W Leggett
In focusing upon the evolution of Leggett's antislavery beliefs and their importance to his contemporary reception, it is not my intention to constrain the ensuing discussion to this infamously intractable problem of antebellum America. Leggett was a complex thinker whose interests included a sophisticated assault upon the mercantile economic program of Henry Clay, the Bank of the United States, and the proliferation of graft and favoritism to the friends of political figures. He united these beliefs in a common critique against the government's role in the allocation of special privileges and monopolies, its perpetuation of political power through bribes from the public treasury, and its exercise of force to sustain unjust products of political favor. To Leggett the state was an agent of enrichment for the politically empowered and depredation against the impoverished – a tyranny of:
CONCENTRATED MONEY POWER; a usurper in the disguise of a benefactor; an agent exercising privileges which his principal never possessed; an imposter who, while he affects to wear chains, is placed above those who are free; a chartered libertine, that pretends to be manacled only that he may the more safely pick our pockets, and lord it over our rights.[11]
The significance of this formula is its articulation of a common thread between what might otherwise appear as disparate and eclectic spaces of policy – the protective tariff, the bank, state charters and monopolies, land grants, internal-improvement subsidies, and the slave system were all legal instruments of allocating privilege to the politically connected and extracting wealth and rights from the masses. Such practices chafed with the basic democratic sentiments of Leggett, constituting a violation of a natural equality in the public sphere of political participation. They converted the state from a representative body to an agent for the dispersal of favor and the reallocation of wealth.
By positing this common thread, Leggett established a consistent intellectual link between his articulation of free-market and antislavery principles. That link placed him in opposition to many of his own contemporaries, and indeed the rancor he encountered in his lifetime likely reflected his uncommon ability to detect and call attention to the inconsistencies of his critics. Slavery and trade represented one such inconsistency. The political landscape of the 1830s, and particularly the fallout of the Nullification Crisis, had curiously positioned John C. Calhoun as the country's most prominent opponent of the protective tariff at a time when he was also its foremost defender of the slave system.
While modern historians have pointed to this juxtaposition as evidence that the former serviced the latter (an import tariff, after all, imposes its domestic burdens upon exporters as per the Lerner symmetry theorem, and the plantation south was an export economy), Leggett recognized a base example of political opportunism hiding behind appeals to principle. Calhoun's antitariff stance of 1828 only serviced his quest for the political power of allocating favor, and the Compromise Tariff of 1833, which disentangled the confrontation, only "delighted [him] with so capital an excuse for postponing his plan of nullification to a more favourable opportunity" that simultaneously permitted arch-protectionist Henry Clay to claim personal sacrifice of his protectionist "friends on the alter of Union." Their mutual de-escalation, Leggett maintained, amounted to "absurd pretensions" in which Calhoun executed a "cunning" if convenient retreat to a problem of his own creation, and Clay "only assented to what he could not prevent."[12]

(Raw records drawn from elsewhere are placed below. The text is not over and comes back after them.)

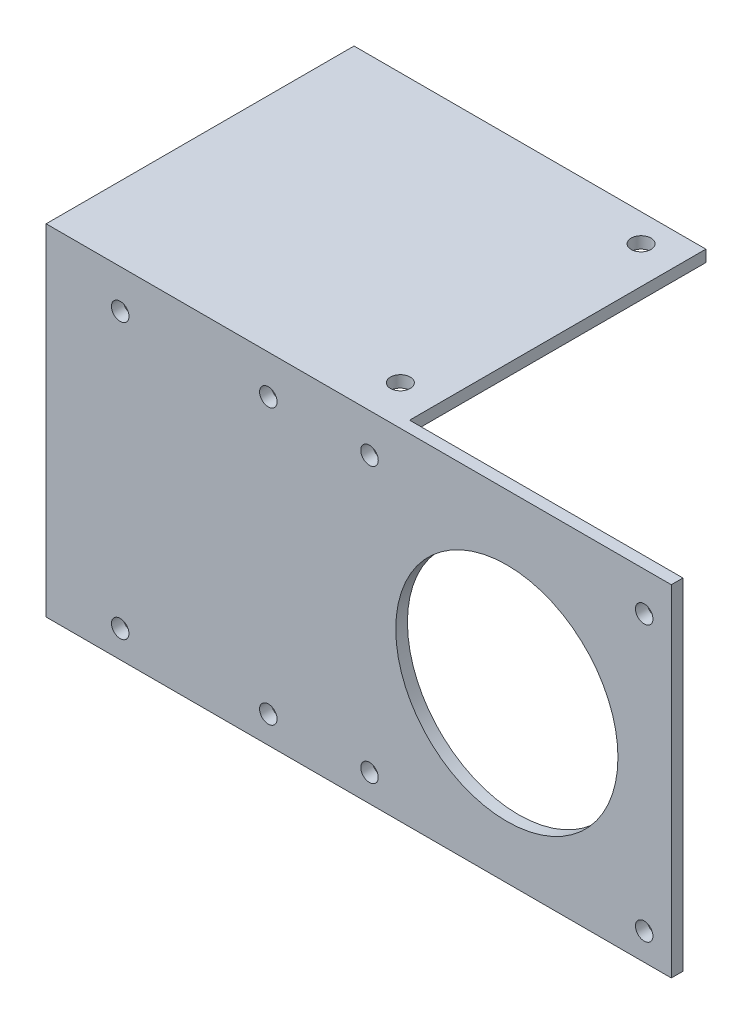
SolidWorks part; units mm, degrees
ref_plane "Front Plane" through (0, 0, 0) normal (0, 0, 1) x (1, 0, 0)
ref_plane "Top Plane" through (0, 0, 0) normal (0, 1, 0) x (1, 0, 0)
ref_plane "Right Plane" through (0, 0, 0) normal (1, 0, 0) x (0, 0, -1)
sketch "Sketch1" plane through (0, 0, 0) normal (0, 0, 1) x (1, 0, 0)
  line L0 (102.55, 51.75) -> (12.7, 51.75) construction
  line L1 (0, 58.4) -> (107.2, 58.4)
  line L2 (0, 58.4) -> (0, 0)
  line L3 (0, 0) -> (107.2, 0)
  line L4 (107.2, 58.4) -> (107.2, 0)
  line L5 (102.55, 51.75) -> (102.55, 4.65) construction
  line L6 (12.7, 51.75) -> (12.7, 4.65) construction
  line L7 (55.45, 4.65) -> (55.45, 51.75) construction
  line L8 (12.7, 4.65) -> (102.55, 4.65) construction
  line L9 (38.1, 51.75) -> (38.1, 4.65) construction
  line L10 (55.45, 51.75) -> (102.55, 4.65) construction
  line L11 (102.55, 51.75) -> (55.45, 4.65) construction
  circle A0 centre (102.55, 51.75) radius 1.5
  circle A1 centre (102.55, 4.65) radius 1.5
  circle A2 centre (55.45, 4.65) radius 1.5
  circle A3 centre (55.45, 51.75) radius 1.5
  circle A4 centre (12.7, 51.75) radius 1.5
  circle A5 centre (38.1, 51.75) radius 1.5
  circle A6 centre (12.7, 4.65) radius 1.5
  circle A7 centre (38.1, 4.65) radius 1.5
  circle A8 centre (79, 28.2) radius 19.05
  point P21 (0, 0)
  dimension "D3" = 3
  dimension "D10" = 38.1
  dimension "D1" = 58.4
  dimension "D2" = 107.2
  dimension "D4" = 47.1
  dimension "D5" = 47.1
  dimension "D6" = 4.65
  dimension "D7" = 25.4
  dimension "D8" = 4.65
  dimension "D9" = 12.7
extrude "Boss-Extrude1" add sketch "Sketch1" against normal blind 2
sketch "Sketch2" plane through (0, 0, -2) normal (0, 0, -1) x (-1, 0, 0)
  line L0 (0, 58.4) -> (0, 56.4)
  line L1 (0, 58.4) -> (0, 0) construction
  line L2 (0, 56.4) -> (-60.325, 56.4)
  line L3 (-60.325, 56.4) -> (-60.325, 58.4)
  line L4 (-107.2, 58.4) -> (0, 58.4) construction
  line L5 (-60.325, 58.4) -> (0, 58.4)
  dimension "D1" = 60.325
  dimension "D2" = 2
extrude "Boss-Extrude2" add sketch "Sketch2" along normal blind 50.8
sketch "Sketch3" plane through (0, 58.4, 0) normal (0, 1, 0) x (1, 0, 0)
  line L0 (53.975, 48.0375) -> (53.975, 6.7625) construction
  line L1 (0, 52.8) -> (60.325, 52.8) construction
  line L2 (60.325, 52.8) -> (60.325, 2) construction
  circle A0 centre (53.975, 48.0375) radius 1.7
  circle A1 centre (53.975, 6.7625) radius 1.7
  point P4 (48.3006, 48.3384)
  point P7 (0, 0)
  dimension "D1" = 3.4
  dimension "D2" = 41.275
  dimension "D3" = 4.7625
  dimension "D4" = 6.35
extrude "Cut-Extrude1" cut sketch "Sketch3" against normal through all
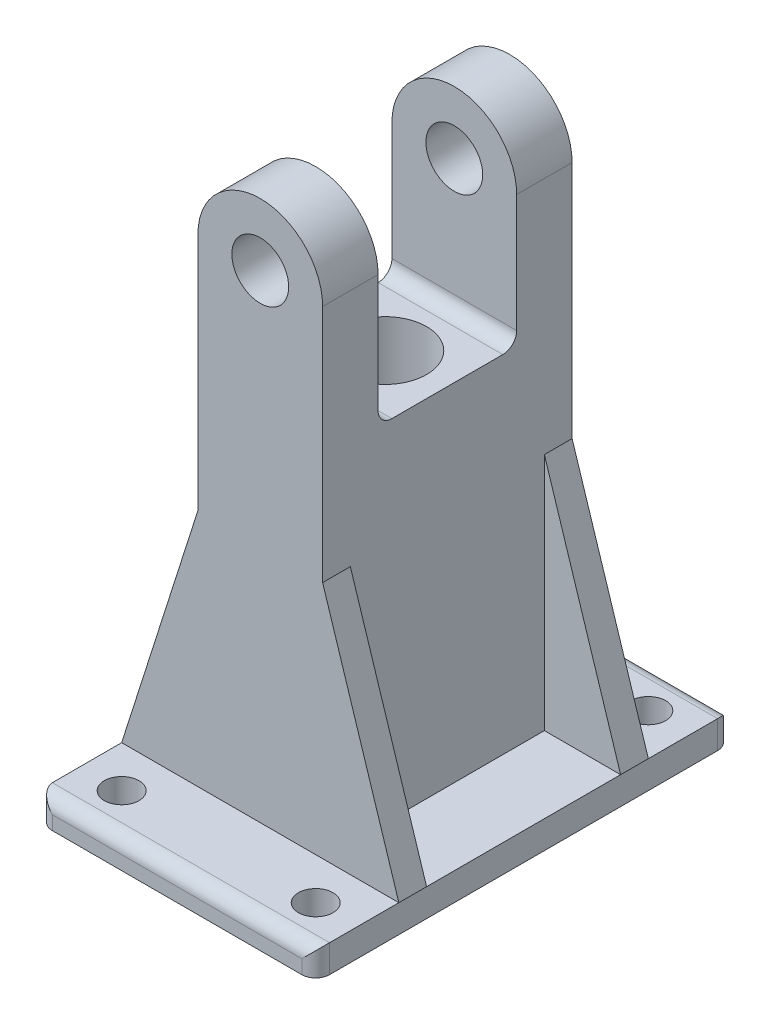
SolidWorks part; units mm, degrees
ref_plane "Спереди" through (0, 0, 0) normal (0, 0, 1) x (1, 0, 0)
ref_plane "Сверху" through (0, 0, 0) normal (0, 1, 0) x (1, 0, 0)
ref_plane "Справа" through (0, 0, 0) normal (1, 0, 0) x (0, 0, -1)
sketch "Эскиз1" plane through (0, 0, 0) normal (0, 0, 1) x (1, 0, 0)
  line L0 (-9, 0) -> (-9, -73)
  line L1 (-9, -73) -> (9, -73)
  line L2 (9, -73) -> (9, 0)
  circle A0 centre (0, 0) radius 4.1
  arc A1 (9, 0) -> (-9, 0) centre (0, 0) ccw
  dimension "D1" = 8.2
  dimension "D2" = 18
  dimension "D3" = 73
extrude "Бобышка-Вытянуть1" add sketch "Эскиз1" along normal blind 18 and the other way blind 18
sketch "Эскиз3" plane through (0, -73, 0) normal (0, -1, 0) x (1, 0, 0)
  line L1 (20, -30) -> (-20, -30)
  line L2 (20, -30) -> (20, 30)
  line L3 (20, 30) -> (-20, 30)
  line L4 (-20, -30) -> (-20, 30)
  line L5 (20, -30) -> (-20, 30) construction
  line L6 (20, 30) -> (-20, -30) construction
  point P0 (0, 0)
  dimension "D1" = 40
  dimension "D2" = 60
extrude "Бобышка-Вытянуть2" add sketch "Эскиз3" against normal blind 4
sketch "Эскиз4" plane through (0, -69, 0) normal (0, 1, 0) x (1, 0, 0)
  line L0 (9, -18) -> (9, 18) construction
  line L1 (-9, -10) -> (9, -10)
  line L2 (-9, -10) -> (-9, 10)
  line L3 (-9, 10) -> (9, 10)
  line L4 (9, -10) -> (9, 10)
  line L5 (-9, -10) -> (9, 10) construction
  line L6 (-9, 10) -> (9, -10) construction
  point P0 (0, 0)
  dimension "D1" = 20
extrude "Вырез-Вытянуть1" cut sketch "Эскиз4" along normal through all from offset 50
sketch "Эскиз5" plane through (0, -19, 0) normal (0, 1, 0) x (1, 0, 0)
  circle A0 centre (0, 0) radius 6
  dimension "D1" = 12
extrude "Вырез-Вытянуть2" cut sketch "Эскиз5" against normal through all
sketch "Эскиз6" plane through (0, 0, 0) normal (0, 0, 1) x (1, 0, 0)
  line L0 (-20, -69) -> (-9, -34.5)
  line L1 (-9, 0) -> (-9, -69) construction
  line L2 (-9, -34.5) -> (-9, -69)
  line L3 (-9, -69) -> (-20, -69)
  line L4 (9, -34.5) -> (20, -69)
  line L5 (9, -69) -> (9, 0) construction
  line L6 (20, -69) -> (9, -69)
  line L7 (9, -69) -> (9, -34.5)
extrude "Бобышка-Вытянуть3" add sketch "Эскиз6" against normal blind 4 from surface starting at face at (4.1, 0, 18)
extrude "Бобышка-Вытянуть4" add sketch "Эскиз6<3>" along normal blind 4 from surface starting at face at (4.1, 0, -18)
sketch "Эскиз6<3>" plane through (0, 0, 0) normal (0, 0, 1) x (1, 0, 0) same geometry as "Эскиз6"
sketch "Эскиз7" plane through (0, -69, 0) normal (0, 1, 0) x (1, 0, 0)
  line L0 (-20, -24) -> (-14, -24) construction
  line L1 (-20, -30) -> (-20, -18) construction
  line L2 (-14, -24) -> (-14, -30) construction
  line L3 (20, -30) -> (-20, -30) construction
  line L4 (0, 0) -> (-23.1784, 0) construction
  line L5 (0, 0) -> (0, 32.5836) construction
  circle A0 centre (-14, -24) radius 2.5
  circle A1 centre (-14, 24) radius 2.5
  circle A2 centre (14, 24) radius 2.5
  circle A3 centre (14, -24) radius 2.5
  dimension "D1" = 6
extrude "Вырез-Вытянуть4" cut sketch "Эскиз7" against normal through all
fillet "Скругление1" radius 2 8 edges at (0, -19, -10) (0, -19, 10) (-20, -71, -30) (0, -69, -30) (20, -71, -30) (0, -69, 30) (20, -71, 30) (-20, -71, 30)

Leggett's free-trade rigidity and general laissez-faire disposition on economic matters further belie an increasingly common assertion of modern scholarship. A currently fashionable strain of the historical literature holds that chattel slavery is a direct derivative or even a defining feature of "capitalism," by which the claimant usually means free-market or noninterventionist economic policies of the very same type that Leggett championed. A burgeoning literature on the "New History of Capitalism" advances this claim at its core, even going so far as to rebrand mercantilist policies as "war capitalism," as per Harvard historian Sven Beckert, or "racial slave capitalism," as per his colleague Walter Johnson.[13]
The overarching aim of this ongoing historical rebranding is to shed a notion common in the economic literature since Adam Smith: that slavery and markets existed in oppositional tension due to the unfree labor system it fostered, due to the associated economic retardation that plantation agriculture imposed upon industrial development, and perhaps most importantly due to the severe political distortions that came from the legal enactment and sustenance of the slave system. This last point is perhaps the least developed in modern historiographical discussions about slavery but was also the central theme of several biting abolitionist commentaries in the American Civil War era. In addition to its corrupting ethical nature and related economic distortions, slavery incubated a powerful political class that was invested in its perpetuation and that directed the full energy and treasury of the government toward its enforcement. The predatory existence of this political "slave power," as J.E. Cairnes dubbed it in 1863, explained why solving the problem of slavery would require overcoming decades of entrenched political interests and why political abolitionism met with such ferocious resistance, backlash, censorship, and even violence.[14]